Restate word for word the lines between the start of the material and the line with "extrude(amount=-BOSS_EXTRUDE1_DEPTH, taper=BOSS_EXTRUDE1_TAPER)", keeping both of those ends and none of the pictures.

= Extracted records =
======

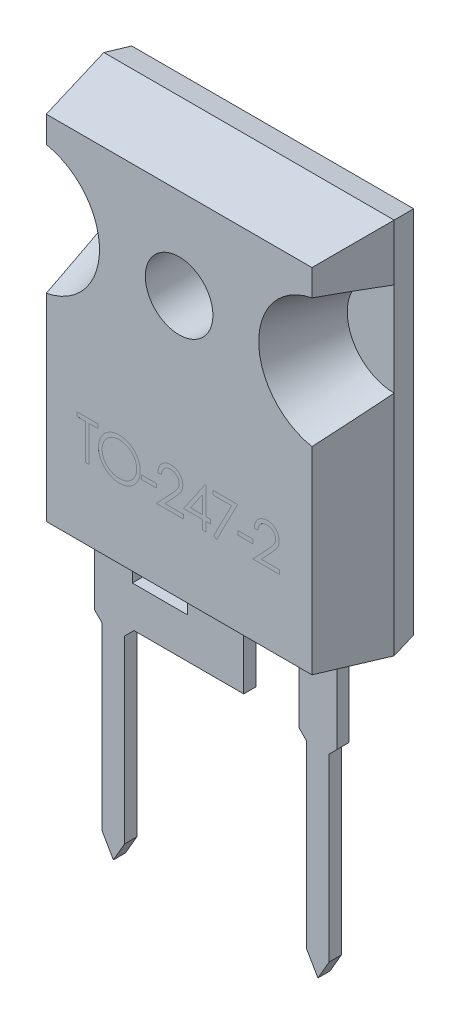
from build123d import *

# Parameters (mm, degrees)
SKETCH1_W                     = 15.5
SKETCH1_H                     = 20.15
BOSS_EXTRUDE1_DEPTH           = 1.27
BOSS_EXTRUDE1_TAPER           = 10
BOSS_EXTRUDE1_OTHER_WAY_DEPTH = 3.73
BOSS_EXTRUDE1_OTHER_WAY_TAPER = 10
SKETCH2_R                     = 2.5
CUT_EXTRUDE1_DEPTH            = 3.73
CUT_EXTRUDE1_DRAFT            = -15
CUT_EXTRUDE1_PROFILE_2_DEPTH  = 3.73
CUT_EXTRUDE1_PROFILE_2_DRAFT  = -15
CUT_EXTRUDE2_DEPTH            = 14.246925249
CUT_EXTRUDE2_DEPTH_BACK       = 14.246925249
SKETCH4_R                     = 1.805
SKETCH5_W                     = 2.02
SKETCH5_H                     = 0.65
SKETCH5_W_2                   = 3
BOSS_EXTRUDE2_DEPTH           = 14.07
SKETCH6_W                     = 7.97
SKETCH6_H                     = 2.154431013
BOSS_EXTRUDE3_DEPTH           = 0.65
SKETCH7_R                     = 1.805
BOSS_EXTRUDE4_DEPTH           = 0.0001
BOSS_EXTRUDE5_DEPTH           = 0.65
CHAMFER1_SIZE                 = 0.5
SKETCH9_W                     = 0.814102564
SKETCH9_H                     = 0.217094017
CUT_EXTRUDE3_DEPTH            = 0.0001


with BuildPart() as part:
    # Sketch1 → Boss-Extrude1 (new body)
    with BuildSketch(Plane.XY):
        Rectangle(SKETCH1_W, SKETCH1_H)
    extrude(amount=-BOSS_EXTRUDE1_DEPTH, taper=BOSS_EXTRUDE1_TAPER)

    # Sketch1 → Boss-Extrude1 other way (add)
    with BuildSketch(Plane.XY):
        Rectangle(SKETCH1_W, SKETCH1_H)
    extrude(amount=BOSS_EXTRUDE1_OTHER_WAY_DEPTH, taper=BOSS_EXTRUDE1_OTHER_WAY_TAPER)


with BuildPart() as cut_extrude1_tool:
    # Sketch2 → Cut-Extrude1 (with draft: the straight prism first)
    with BuildSketch(Plane.XY):
        with Locations((-7.75, 4.575)):
            Circle(SKETCH2_R)
    extrude(amount=CUT_EXTRUDE1_DEPTH)
    # Cut-Extrude1: the draft: its side faces are tilted about the plane it starts from
    cut_extrude1_sides = [cut_extrude1_tool.faces().sort_by_distance(p)[0] for p in [
        (-10.25, 4.575, 1.865),
    ]]
    draft(cut_extrude1_sides, Plane.XY, CUT_EXTRUDE1_DRAFT)


with BuildPart() as part_1:
    add(part.part)

    # Cut-Extrude1: cut by cut_extrude1_tool
    add(cut_extrude1_tool.part, mode=Mode.SUBTRACT)


with BuildPart() as cut_extrude1_profile_2_tool:
    # Sketch2 → Cut-Extrude1 profile 2 (with draft: the straight prism first)
    with BuildSketch(Plane.XY):
        with Locations((7.75, 4.575)):
            Circle(SKETCH2_R)
    extrude(amount=CUT_EXTRUDE1_PROFILE_2_DEPTH)
    # Cut-Extrude1 profile 2: the draft: its side faces are tilted about the plane it starts from
    cut_extrude1_profile_2_sides = [cut_extrude1_profile_2_tool.faces().sort_by_distance(p)[0] for p in [
        (5.25, 4.575, 1.865),
    ]]
    draft(cut_extrude1_profile_2_sides, Plane.XY, CUT_EXTRUDE1_PROFILE_2_DRAFT)


with BuildPart() as part_2:
    add(part_1.part)

    # Cut-Extrude1 profile 2: cut by cut_extrude1_profile_2_tool
    add(cut_extrude1_profile_2_tool.part, mode=Mode.SUBTRACT)

    # Sketch4 → Cut-Extrude2 (cut, two sides: drawn at the far end of the back side and taken through both)
    with BuildSketch(Plane.XY.offset(-CUT_EXTRUDE2_DEPTH_BACK)):
        with Locations(Location((0, 4.565, 0), (0, 0, 180))):
            Circle(SKETCH4_R)
    extrude(amount=CUT_EXTRUDE2_DEPTH + CUT_EXTRUDE2_DEPTH_BACK, mode=Mode.SUBTRACT)

    # Sketch5 → Boss-Extrude2 (add)
    with BuildSketch(Plane(origin=(0, 0, 0), x_dir=(1, 0, 0), z_dir=(0, 1, 0))):
        with Locations((-5.46, -1.455)):
            Rectangle(SKETCH5_W, SKETCH5_H)
        with Locations((5.46, -1.455)):
            Rectangle(SKETCH5_W, SKETCH5_H)
        with Locations((0, -1.455)):
            Rectangle(SKETCH5_W_2, SKETCH5_H)
    extrude(amount=-BOSS_EXTRUDE2_DEPTH)

    # Sketch6 → Boss-Extrude3 (add)
    with BuildSketch(Plane.XY.offset(1.78)):
        with Locations((-2.485, -12.992784494)):
            Rectangle(SKETCH6_W, SKETCH6_H)
    extrude(amount=-BOSS_EXTRUDE3_DEPTH)

    # Sketch7 → Boss-Extrude4 (add)
    with BuildSketch(Plane(origin=(0, 0, -1.27), x_dir=(-1, 0, 0), z_dir=(0, 0, -1))):
        with BuildLine():
            Line((-5.9, 9.225), (5.9, 9.225))
            ThreePointArc((5.9, 9.225), (6.607106781, 8.932106781), (6.9, 8.225))
            Line((6.9, 8.225), (6.9, -3.855))
            Line((6.9, -3.855), (-6.9, -3.855))
            Line((-6.9, -3.855), (-6.9, 8.225))
            ThreePointArc((-6.9, 8.225), (-6.607106781, 8.932106781), (-5.9, 9.225))
        make_face()
        with Locations((0, 4.565)):
            Circle(SKETCH7_R, mode=Mode.SUBTRACT)
    extrude(amount=BOSS_EXTRUDE4_DEPTH)

    # Sketch8 → Boss-Extrude5 (add)
    with BuildSketch(Plane.XY.offset(1.78)):
        Polygon((-6.06, -14.07), (-6.06, -24.185769515), (-5.46, -25.225), (-4.86, -24.185769515), (-4.86, -14.07), align=None)
        Polygon((6.06, -14.07), (6.06, -24.185769515), (5.46, -25.225), (4.86, -24.185769515), (4.86, -14.07), align=None)
    extrude(amount=-BOSS_EXTRUDE5_DEPTH)

    # Chamfer1
    # the kernel refuses this chamfer: 0.5 mm, written as the material it adds along each edge
    with BuildSketch(Plane(origin=(4.86, -14.07, 1.78), x_dir=(-0.9996219169112968, 0.027495876610585647, 0), z_dir=(0, 0, -1))) as chamfer1_piece_1_section:
        Polygon((CHAMFER1_SIZE * 0.999621916911, -CHAMFER1_SIZE * 0.0274958766106), (-CHAMFER1_SIZE * 0.0274958766106, -CHAMFER1_SIZE * 0.999621916911), (0, 0), align=None)
    chamfer1_piece_1 = extrude(amount=0.65, mode=Mode.PRIVATE)
    chamfer1_piece_1 = split(chamfer1_piece_1, bisect_by=Plane(origin=(4.45, -14.241727984, 1.455), z_dir=(1, 0, 0)), keep=Keep.TOP, mode=Mode.PRIVATE)
    add(chamfer1_piece_1)
    with BuildSketch(Plane(origin=(6.06, -14.07, 1.78), x_dir=(0.9996219169112968, 0.027495876610585647, 0), z_dir=(0, 0, -1))) as chamfer1_piece_2_section:
        Polygon((CHAMFER1_SIZE * 0.999621916911, CHAMFER1_SIZE * 0.0274958766106), (-CHAMFER1_SIZE * 0.0274958766106, CHAMFER1_SIZE * 0.999621916911), (0, 0), align=None)
    chamfer1_piece_2 = extrude(amount=0.65, mode=Mode.PRIVATE)
    chamfer1_piece_2 = split(chamfer1_piece_2, bisect_by=Plane(origin=(6.47, -14.241727984, 1.455), z_dir=(-1, 0, 0)), keep=Keep.TOP, mode=Mode.PRIVATE)
    add(chamfer1_piece_2)
    with BuildSketch(Plane(origin=(-4.86, -14.07, 1.78), x_dir=(0.9996219169112968, 0.027495876610585647, 0), z_dir=(0, 0, -1))) as chamfer1_piece_3:
        Polygon((CHAMFER1_SIZE * 0.999621916911, CHAMFER1_SIZE * 0.0274958766106), (-CHAMFER1_SIZE * 0.0274958766106, CHAMFER1_SIZE * 0.999621916911), (0, 0), align=None)
    extrude(amount=0.65)
    with BuildSketch(Plane(origin=(-6.06, -14.07, 1.78), x_dir=(-0.9996219169112968, 0.027495876610585647, 0), z_dir=(0, 0, -1))) as chamfer1_piece_4_section:
        Polygon((CHAMFER1_SIZE * 0.999621916911, -CHAMFER1_SIZE * 0.0274958766106), (-CHAMFER1_SIZE * 0.0274958766106, -CHAMFER1_SIZE * 0.999621916911), (0, 0), align=None)
    chamfer1_piece_4 = extrude(amount=0.65, mode=Mode.PRIVATE)
    chamfer1_piece_4 = split(chamfer1_piece_4, bisect_by=Plane(origin=(-6.47, -14.241727984, 1.455), z_dir=(1, 0, 0)), keep=Keep.TOP, mode=Mode.PRIVATE)
    add(chamfer1_piece_4)

    # Sketch9 → Cut-Extrude3 (cut)
    # profile 1 of 8: a face of its own
    with BuildSketch(Plane.XY.offset(3.73)):
        Polygon((-5.451773504, -3.741015158), (-5.451773504, -3.523921141), (-4.339166667, -3.523921141), (-4.339166667, -3.741015158), (-4.800491453, -3.741015158), (-4.800491453, -5.640587807), (-4.990448718, -5.640587807), (-4.990448718, -3.741015158), align=None)
    # profile 2 of 8: a face of its own
    with BuildSketch(Plane.XY.offset(3.73)):
        with BuildLine():
            add(Edge.make_bspline(
                [(-3.202136752, -3.469647636), (-3.162943279, -3.47064034), (-3.085964063, -3.472590093), (-2.972828291, -3.487515075), (-2.864820781, -3.51333562), (-2.761061697, -3.547724186), (-2.662792135, -3.593598029), (-2.569272424, -3.649045714), (-2.480725077, -3.714648143), (-2.398343575, -3.7898982), (-2.3229558, -3.871772955), (-2.256537288, -3.959147691), (-2.200873615, -4.05149411), (-2.15516221, -4.148534707), (-2.11930067, -4.250050021), (-2.094554391, -4.356581251), (-2.078747034, -4.467438154), (-2.076899016, -4.543049639), (-2.075961538, -4.58140645)],
                knots=[0, 0, 0, 0, 1.065120563, 2.091984664, 3.0946048, 4.079830382, 5.057816894, 6.036188127, 7.030412546, 8.04752943, 9.064399622, 10.05169764, 11.02544977, 11.989514704, 12.962713494, 13.945757189, 14.957906945, 16, 16, 16, 16], degree=3))
            add(Edge.make_bspline(
                [(-2.075961538, -4.58140645), (-2.076898879, -4.619480716), (-2.078746485, -4.694529503), (-2.094572364, -4.804682919), (-2.119392398, -4.910571102), (-2.154829187, -5.012017283), (-2.200322691, -5.109128476), (-2.256357009, -5.201649158), (-2.322361455, -5.289609659), (-2.397477027, -5.372046366), (-2.479362419, -5.447640075), (-2.567192152, -5.513510062), (-2.658990969, -5.570190842), (-2.755940174, -5.615417159), (-2.856754005, -5.651564939), (-2.962334744, -5.676210577), (-3.07218766, -5.69210798), (-3.147100124, -5.693933463), (-3.185176282, -5.694861311)],
                knots=[0, 0, 0, 0, 1.043624062, 2.057103931, 3.04512605, 4.022047818, 4.998200453, 5.980619268, 6.982898556, 8.009068085, 9.034988726, 10.034168286, 11.015286542, 11.987931943, 12.962482838, 13.94673481, 14.956375938, 16, 16, 16, 16], degree=3))
            add(Edge.make_bspline(
                [(-3.185176282, -5.694861311), (-3.223532894, -5.693924301), (-3.299143987, -5.692077205), (-3.410140194, -5.676243689), (-3.516746258, -5.651483948), (-3.618657318, -5.61609967), (-3.715930204, -5.570369249), (-3.808755159, -5.514607553), (-3.896759595, -5.448442282), (-3.97921389, -5.373351068), (-4.054657452, -5.291604463), (-4.120430979, -5.204014223), (-4.176205215, -5.11229878), (-4.221782087, -5.016203611), (-4.257864879, -4.916193262), (-4.282481603, -4.811600611), (-4.298408583, -4.703021958), (-4.300243943, -4.62909411), (-4.301175214, -4.591582732)],
                knots=[0, 0, 0, 0, 1.053102029, 2.075944431, 3.073151272, 4.055350789, 5.033113405, 6.020478099, 7.024410459, 8.052272461, 9.079885166, 10.07527673, 11.055994387, 12.023226415, 12.992069828, 13.970394897, 14.97016774, 16, 16, 16, 16], degree=3))
            add(Edge.make_bspline(
                [(-4.301175214, -4.591582732), (-4.300851886, -4.56640488), (-4.300209311, -4.516366805), (-4.292473383, -4.442061766), (-4.281247973, -4.368951702), (-4.26516015, -4.297244509), (-4.244119475, -4.227115723), (-4.219292773, -4.158081691), (-4.188970104, -4.09084201), (-4.154691808, -4.025078149), (-4.116433476, -3.961815273), (-4.074175285, -3.902016668), (-4.029401514, -3.845180541), (-3.980316986, -3.792779734), (-3.928539421, -3.743289856), (-3.873228878, -3.697471451), (-3.814722854, -3.654911362), (-3.752769606, -3.616557156), (-3.688895696, -3.581868536), (-3.623051169, -3.552101036), (-3.55613029, -3.526552227), (-3.487819622, -3.505844681), (-3.418300565, -3.489496735), (-3.34742139, -3.478364669), (-3.275238566, -3.47060901), (-3.226608863, -3.469969473), (-3.202136752, -3.469647636)],
                knots=[0, 0, 0, 0, 1.037015668, 2.060948919, 3.074880161, 4.083647147, 5.086022904, 6.090072063, 7.104153813, 8.122640571, 9.144368836, 10.147691507, 11.138137339, 12.123020368, 13.103399296, 14.087645067, 15.080126199, 16.082011238, 17.087798457, 18.072939717, 19.057185487, 20.037253025, 21.01195951, 21.997135196, 22.992090687, 24, 24, 24, 24], degree=3))
        make_face()
        with BuildLine():
            add(Edge.make_bspline(
                [(-3.192808494, -3.686741653), (-3.212895439, -3.686986516), (-3.252877296, -3.687473899), (-3.31231604, -3.693893879), (-3.370973066, -3.70304386), (-3.42886049, -3.716095541), (-3.485736103, -3.733877992), (-3.542130055, -3.754343685), (-3.597528092, -3.77927263), (-3.65174733, -3.807438027), (-3.704310256, -3.838612851), (-3.753908414, -3.873067205), (-3.800670203, -3.909993093), (-3.844481131, -3.94947669), (-3.885212554, -3.991719068), (-3.923666159, -4.036079827), (-3.958300621, -4.083826923), (-3.990041898, -4.133665597), (-4.018446259, -4.185530935), (-4.043704354, -4.238876899), (-4.064365445, -4.294138643), (-4.081215549, -4.350716633), (-4.095185435, -4.408521264), (-4.104035474, -4.467991039), (-4.110525997, -4.528827131), (-4.110985522, -4.569939966), (-4.111217949, -4.590734709)],
                knots=[0, 0, 0, 0, 1.008559885, 2.007477868, 2.99961109, 3.989939068, 4.984837346, 5.991145699, 7.001802488, 8.033829008, 9.059044045, 10.069351652, 11.065060232, 12.050310815, 13.029377138, 14.011219647, 14.996725999, 15.989392538, 16.977580475, 17.965360261, 18.951710183, 19.937753436, 20.929683414, 21.935841486, 22.955955122, 24, 24, 24, 24], degree=3))
            add(Edge.make_bspline(
                [(-4.111217949, -4.590734709), (-4.110446961, -4.621312814), (-4.108930189, -4.681469406), (-4.095651087, -4.769624426), (-4.075196845, -4.854344485), (-4.045045009, -4.935166021), (-4.007337733, -5.012783754), (-3.960754804, -5.086509131), (-3.905564786, -5.156362079), (-3.842873034, -5.221854932), (-3.774339778, -5.281633109), (-3.701567127, -5.334104313), (-3.625334707, -5.378500036), (-3.545443723, -5.414667865), (-3.462320687, -5.443327374), (-3.375429978, -5.462969212), (-3.285350414, -5.475896273), (-3.223948542, -5.477137702), (-3.192808494, -5.477767294)],
                knots=[0, 0, 0, 0, 1.032063989, 2.030389145, 3.003944642, 3.970395727, 4.937377036, 5.913328081, 6.909231446, 7.93887556, 8.970685674, 9.976071282, 10.964166581, 11.944589148, 12.933237628, 13.927779006, 14.949070134, 16, 16, 16, 16], degree=3))
            add(Edge.make_bspline(
                [(-3.192808494, -5.477767294), (-3.171877985, -5.477479727), (-3.130366502, -5.476909396), (-3.068623019, -5.471164958), (-3.007991881, -5.461953304), (-2.948558131, -5.448690479), (-2.890389221, -5.432091454), (-2.833242364, -5.412371542), (-2.777726255, -5.3877691), (-2.723140544, -5.360586291), (-2.670891388, -5.329598196), (-2.621013328, -5.296313219), (-2.574763569, -5.25944172), (-2.530985416, -5.220544757), (-2.490086766, -5.178838049), (-2.45234419, -5.13437582), (-2.417884777, -5.086877423), (-2.386155553, -5.037114344), (-2.357850722, -4.985107086), (-2.333189077, -4.93156771), (-2.312266664, -4.876628048), (-2.295376568, -4.82020886), (-2.282141074, -4.762417299), (-2.273021313, -4.703175985), (-2.266642019, -4.64260343), (-2.266161187, -4.601634527), (-2.265918803, -4.580982439)],
                knots=[0, 0, 0, 0, 1.047197238, 2.076906641, 3.100256066, 4.114471768, 5.12198147, 6.126382909, 7.136867548, 8.15857795, 9.17633901, 10.174870724, 11.156907918, 12.133735059, 13.104061851, 14.077631395, 15.04955518, 16.038496417, 17.029181396, 18.010275684, 18.986308667, 19.968651475, 20.955262928, 21.950658345, 22.966943676, 24, 24, 24, 24], degree=3))
            add(Edge.make_bspline(
                [(-2.265918803, -4.580982439), (-2.266161381, -4.560471634), (-2.266642579, -4.519784674), (-2.273018266, -4.45963456), (-2.282150709, -4.400819522), (-2.295311966, -4.343570461), (-2.312275631, -4.287872781), (-2.33319273, -4.233778796), (-2.357858126, -4.181086982), (-2.386165957, -4.129927574), (-2.417986002, -4.080836185), (-2.45275633, -4.033905202), (-2.491077279, -3.990015973), (-2.53185397, -3.948084991), (-2.576104934, -3.909006553), (-2.623629722, -3.872767696), (-2.673851374, -3.838493858), (-2.727026417, -3.807575066), (-2.781904903, -3.779021697), (-2.838216678, -3.754558471), (-2.8953238, -3.733771523), (-2.953081049, -3.716041739), (-3.011974564, -3.703094978), (-3.071606403, -3.693885634), (-3.131894065, -3.687476134), (-3.17243925, -3.686987257), (-3.192808494, -3.686741653)],
                knots=[0, 0, 0, 0, 1.02996197, 2.043119294, 3.035359645, 4.018872909, 4.991431989, 5.957985074, 6.929999688, 7.912076566, 8.892894881, 9.867085534, 10.843653904, 11.817741046, 12.803660682, 13.806313499, 14.818574707, 15.856120519, 16.894564902, 17.924820532, 18.937903209, 19.946497019, 20.957711757, 21.963978472, 22.977135795, 24, 24, 24, 24], degree=3))
        make_face(mode=Mode.SUBTRACT)
    # profile 3 of 8: a face of its own
    with BuildSketch(Plane.XY.offset(3.73)):
        with Locations((-1.603782051, -4.826485244)):
            Rectangle(SKETCH9_W, SKETCH9_H)
    # profile 4 of 8: a face of its own
    with BuildSketch(Plane.XY.offset(3.73)):
        with BuildLine():
            Line((-0.941645299, -4.175203192), (-1.131602564, -4.175203192))
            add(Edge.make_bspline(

======

= Answer area =
from build123d import *

# Parameters (mm, degrees)
SKETCH1_W                     = 15.5
SKETCH1_H                     = 20.15
BOSS_EXTRUDE1_DEPTH           = 1.27
BOSS_EXTRUDE1_TAPER           = 10
BOSS_EXTRUDE1_OTHER_WAY_DEPTH = 3.73
BOSS_EXTRUDE1_OTHER_WAY_TAPER = 10
SKETCH2_R                     = 2.5
CUT_EXTRUDE1_DEPTH            = 3.73
CUT_EXTRUDE1_DRAFT            = -15
CUT_EXTRUDE1_PROFILE_2_DEPTH  = 3.73
CUT_EXTRUDE1_PROFILE_2_DRAFT  = -15
CUT_EXTRUDE2_DEPTH            = 14.246925249
CUT_EXTRUDE2_DEPTH_BACK       = 14.246925249
SKETCH4_R                     = 1.805
SKETCH5_W                     = 2.02
SKETCH5_H                     = 0.65
SKETCH5_W_2                   = 3
BOSS_EXTRUDE2_DEPTH           = 14.07
SKETCH6_W                     = 7.97
SKETCH6_H                     = 2.154431013
BOSS_EXTRUDE3_DEPTH           = 0.65
SKETCH7_R                     = 1.805
BOSS_EXTRUDE4_DEPTH           = 0.0001
BOSS_EXTRUDE5_DEPTH           = 0.65
CHAMFER1_SIZE                 = 0.5
SKETCH9_W                     = 0.814102564
SKETCH9_H                     = 0.217094017
CUT_EXTRUDE3_DEPTH            = 0.0001


with BuildPart() as part:
    # Sketch1 → Boss-Extrude1 (new body)
    with BuildSketch(Plane.XY):
        Rectangle(SKETCH1_W, SKETCH1_H)
    extrude(amount=-BOSS_EXTRUDE1_DEPTH, taper=BOSS_EXTRUDE1_TAPER)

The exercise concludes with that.